Tradisi yang telah ada sejak 1881 ini kembali menghadirkan nuansa khas budaya Semarang. Dalam kirab dugderan ini, Sekretaris Daerah (Sekda) Provinsi Jawa Tengah, Sumarno, berperan sebagai Kanjeng Adipati Raden Mas Tumenggung Prawirapradja. Sementara Wali Kota Semarang, Agustina Wilujeng Pramestuti, tampil sebagai Kanjeng Mas Ayu Tumenggung Purbadiningrum.

Sesaat sebelum bedug ditabuh, Suhuf Halaqah dibacakan oleh Sumarno setelah diterima secara simbolis dari Wali Kota Semarang. Bedug Ijo Mangunsari sepanjang 3,1 meter dengan diameter 2,2 meter pun ditabuh, diiringi bunyi meriam Kolontoko yang memecah langit Semarang.

Baca Juga :  Nawal Yasin Dorong PKK Jateng Hijaukan Pekarangan untuk Cegah Banjir

Tak ayal, tradisi Dugderan ini menyedot perhatian masyarakat. Sepanjang perjalanan kirab, banyak warga antusias menyaksikan acara tersebut.

Sumarno menegaskan, Dugderan bukan sekadar seremoni tahunan, melainkan tradisi sarat makna spiritual dan sosial.

“Ini adalah tradisi yang mempunyai nilai yang perlu kita lestarikan. Dugderan menjadi bagian dari kesiapan kita menghadapi bulan Ramadan. Harapannya, kita semua bisa menjalankan ibadah Ramadan dengan sebaik-baiknya, meningkatkan ketakwaan kepada Allah,” ujarnya disela acara.
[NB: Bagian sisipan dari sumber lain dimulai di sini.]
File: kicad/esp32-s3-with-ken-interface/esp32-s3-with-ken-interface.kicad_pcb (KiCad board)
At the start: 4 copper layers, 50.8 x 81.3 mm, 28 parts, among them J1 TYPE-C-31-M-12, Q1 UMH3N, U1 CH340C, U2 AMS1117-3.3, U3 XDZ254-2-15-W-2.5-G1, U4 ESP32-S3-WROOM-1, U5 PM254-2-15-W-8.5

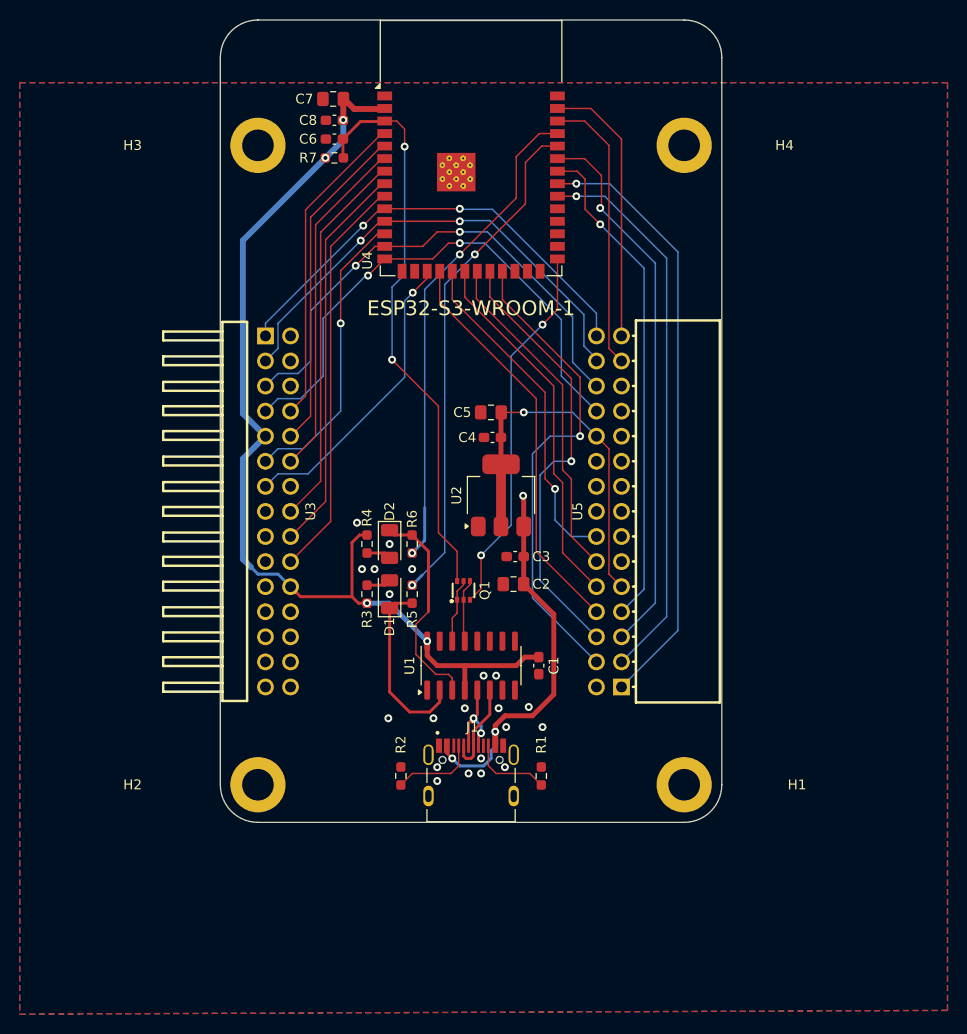
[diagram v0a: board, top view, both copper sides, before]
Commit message: fix left pin header pin assignment
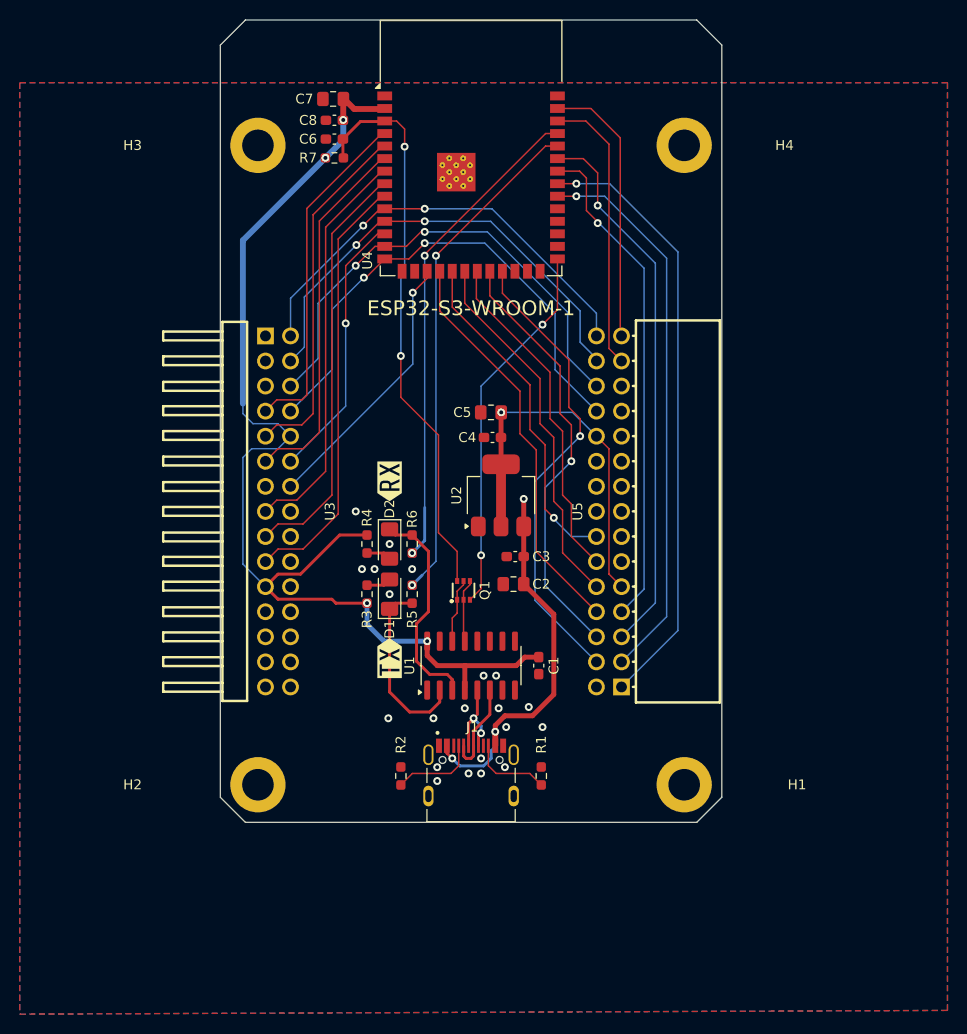
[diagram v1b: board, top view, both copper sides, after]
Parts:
- added kibuzzard-696F5E7C: G***, kibuzzard-696F5E7C, F.Cu at (75.6, 104.0)
- added kibuzzard-696F5E93: G***, kibuzzard-696F5E93, F.Cu at (75.6, 86.1)
- D1, D2: footprint LED_SMD:LED_1206_3216Metric -> LED_SMD:LED_1206_3216Metric_Pad1.42x1.75mm_HandSolder
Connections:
- U3 pad 1: /IO17 -> /ADC_1
- U3 pad 10: /I2S_SCK -> +3V3
- U3 pad 11: /I2C_A_SDA -> /I2S_SD
- U3 pad 12: /I2S_SD -> /I2C_A_SDA
- U3 pad 13: /I2C_A_SCL -> VBUS
- U3 pad 14: VBUS -> /I2C_A_SCL
- U3 pad 15: GND -> /I2S_B_DIN
- U3 pad 16: /I2S_B_DIN -> GND
- U3 pad 17: /IO11 -> /I2S_B_BCLK
- U3 pad 18: /I2S_B_BCLK -> /IO11
- U3 pad 19: /IO13 -> /I2S_B_LRC
- U3 pad 2: /ADC_1 -> /IO17
- U3 pad 20: /I2S_B_LRC -> /IO13
- U3 pad 21: /IO12 -> +3V3
- U3 pad 22: +3V3 -> /IO12
- U3 pad 23: /IO10 -> /I2C_B_SDA
- U3 pad 24: /I2C_B_SDA -> /IO10
- U3 pad 25: /BTN_A -> /I2C_B_SCL
- U3 pad 26: /I2C_B_SCL -> /BTN_A
- U3 pad 27: /BTN_B -> /BTN_C
- U3 pad 28: /BTN_C -> /BTN_B
- U3 pad 29: GND -> /BTN_D
- U3 pad 3: /IO18 -> /ADC_2
- U3 pad 30: /BTN_D -> GND
- U3 pad 4: /ADC_2 -> /IO18
- U3 pad 5: /IO19 -> GND
- U3 pad 6: GND -> /IO19
- U3 pad 7: /IO20 -> /I2S_WS
- U3 pad 8: /I2S_WS -> /IO20
- U3 pad 9: +3V3 -> /I2S_SCK
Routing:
- net +3V3: track 167.6 -> 179.4 mm
- net /I2S_B_BCLK: track 74.9 -> 81.0 mm
- net /I2C_A_SCL: track 64.9 -> 59.6 mm
- net /I2S_B_LRC: track 76.1 -> 81.2 mm
- net /I2S_WS: track 66.8 -> 71.9 mm
- net /I2S_SD: track 69.4 -> 74.4 mm
- net /I2S_SCK: track 68.1 -> 73.2 mm
- net /I2C_A_SDA: track 64.5 -> 59.5 mm
- net /I2S_B_DIN: track 73.2 -> 78.0 mm
- net /BTN_B: track 83.9 -> 79.5 mm
- net /BTN_A: track 79.8 -> 75.6 mm
- net /IO11: track 69.0 -> 65.4 mm
- net /IO10: track 75.6 -> 72.1 mm
- net /IO13: track 69.1 -> 65.5 mm
- net /BTN_C: track 91.0 -> 94.5 mm
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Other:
- outline, holes or cut-outs redrawn

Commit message: adjust traces
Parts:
- moved Q1 0.65 mm to (83.2, 96.5)
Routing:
- net RTS: track 6.57 -> 7.26 mm
- net DTR: track 6.42 -> 7.00 mm
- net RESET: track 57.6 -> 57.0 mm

Ia juga menyampaikan harapan agar Ramadan membawa keberkahan bagi Jawa Tengah.

“Kami berharap Jawa Tengah terhindar dari bencana dan kesejahteraan masyarakat semakin baik,” tambahnya.

Sementara itu, Agustina Wilujeng Pramestuti menyebut Dugderan tahun ini terasa lebih semarak. Ia menekankan filosofi unik yang selalu menjadi daya tarik tradisi tersebut.

Baca Juga :  Lulus PKN Bukan Akhir, Pemprov Jateng Pastikan Inovasi Peserta Berlanjut

“Yang unik hari ini, semua warak wajib ngendok. Kalau warak tidak ngendok nanti bisa congkrah, bisa bertengkar, tidak ada rezeki yang dibagi,” tuturnya.

Menurutnya, keterlibatan generasi muda menjadi kunci keberlanjutan tradisi. “Saya senang tadi anak-anak kecil mulai ikut menari. Ini menjadi transfer pengetahuan dan tradisi. Mereka adalah generasi penerus kita,” katanya.

Menariknya, Dugderan tahun ini bertepatan dengan perayaan Imlek serta masa puasa Paskah bagi umat Kristen. Momentum ini dinilai semakin memperkuat harmoni keberagaman di Semarang.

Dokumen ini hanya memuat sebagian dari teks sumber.